Geometry

1) Try to solve at least three of the devilish division puzzles this involve cutting up the eight figures on the handout into two equal congruent parts (congruent to each other, but perhaps mirror images). 2) With our work on tessellations with quadrilaterals, pentagons, etc. come up with an example of a tessellating nonagon (i.e. a 9 sided polygon that can be used to tile the plane - note that it clearly won't be a regular nonagon!). (i.e a "row house" design for tessellating with pentagons ) 2.1) Can you use a similar approach for this problem (perhaps more bends in the roofline?!)? 2.2) Next design a tessellating decagon - good luck! - do you find this easier or more challenging than working with the nonagon? 3) As mentioned in class there are several types of convex hexagons that tile the plane. The regular hexagon tessellates, of course. Another type is the one we saw in class where the opposite sides of the hexagon are parallel and equal in length. For this problem decide whether the following type of hexagon also tessellates - this is one where there are two opposite sides that are equal in length and three consecutive interior angles that sum to 360 degrees (note that the three consecutive angles are assumed to be the ones between the segment marked x and the segment marked y). You can see one example of such a hexagon in the diagram below - in this particular example the angle at C is shown as a right angle, but in general it doesn't have to be, so please don't assume that's the case.

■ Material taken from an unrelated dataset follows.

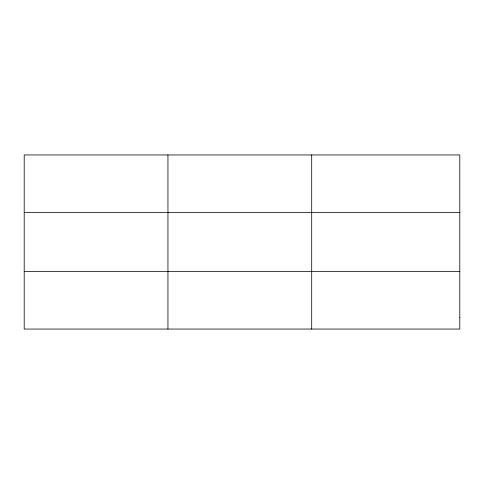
<?xml version="1.0" encoding="UTF-8"?>
<svg xmlns="http://www.w3.org/2000/svg" width="484" height="484" viewBox="0 0 484 484"><rect width="100%" height="100%" fill="white"/><g stroke="black" fill="none" stroke-linecap="round" stroke-linejoin="round"><path stroke-width="0.73" d="M167.948 154.947L167.948 329.053M311.696 154.947L311.696 329.053M24.2 212.403L459.8 212.403M24.2 271.597L459.8 271.597M459.8 317.558L459.8 329.053L24.2 329.053L24.2 154.947L459.8 154.947L459.8 317.558"/></g></svg>
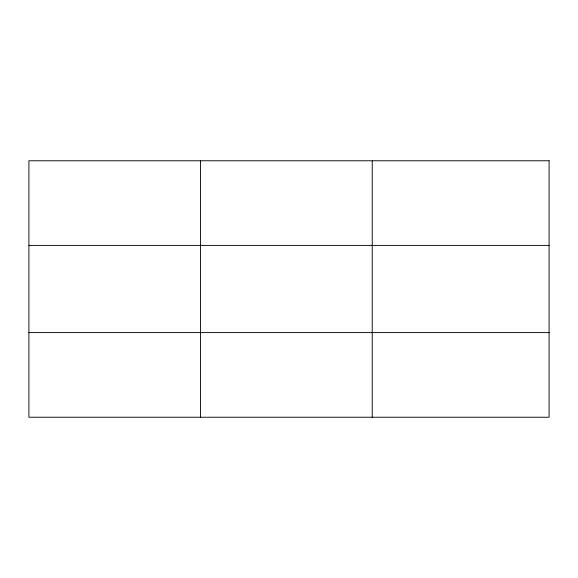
<?xml version="1.0" encoding="UTF-8"?>
<svg xmlns="http://www.w3.org/2000/svg" width="578" height="578" viewBox="0 0 578 578"><rect width="100%" height="100%" fill="white"/><g stroke="black" fill="none" stroke-linecap="round" stroke-linejoin="round"><path stroke-width="0.87" d="M200.566 417.237L200.566 160.763M372.232 417.237L372.232 160.763M28.9 245.397L549.1 245.397M28.9 332.603L549.1 332.603M549.1 160.763L549.1 417.237L28.9 417.237L28.9 160.763L549.1 160.763"/></g></svg>

Will all hexagons with these two constraints always tessellate? Please give a detailed explanation as to why this works out, or find an example of such a hexagon that doesn't tessellate, explaining why not.

4) Speaking of tessellating polygons, please do some search on internet about pentagonal Tiling Discovering. Can you come up with a new one? Just kidding!! Can you play with existing one to come up with new pattern? Please do not spend to much time on this. 5) Now, start working with unit square (grid point paper attached “aka geoboards). It's easy enough to see that it's possible to create squares on the grid paper with areas 1, 2, 4, and 5 (where the vertices of the square are required to lie on points on the grid paper, and it's assumed that the grid

paper is in a regular square array with dots that are exactly one unit length away from each other) - you'll see that some squares (such as for areas 2 and 5) will need to be "tilted" - not squared off to the grid paper's vertical/horizontal axes. On the other hand you can also check that there's no square with area 3, for example. Now figure out which areas can be represented for all the integers up to 25. ? Try to figure out an approach to answering this question that doesn't just rely on trial and error guessing on a geoboards what is the specific feature of an integer N so that a square with area N can be created, and why? (i.e. what property must the integer N possess? If I asked you to figure out whether you could create a square of area 630, what could you do with the number 630 itself to figure this out?) 6) Pushing forward a bit more on your own - now that you've considered squares on the unit square grid, think about triangles. What types of areas can be represented by triangles on the same unit square grid paper (i.e. triangles with vertices located at points on the grid paper, assuming again that the grid dots are a unit length away from each other)? Is it possible to create an equilateral triangle on the unit square grid paper? This might be difficult to prove, so try to provide a reasonable argument either for or against. 7) Noting to turn in Do some reading and learn about Penrose and the toilet paper scandal! there's a Penrose Tile generator program (for Windows - sorry, Mac users!) that you might be interested in trying out.

8) Please do some research about the NOVA episode on Fractals or you can also go ahead and Google "Fractals - Hunting the Hidden Dimension" please write an statement about what you think is the most interesting use/application of fractals (or anything else you found of interest on it)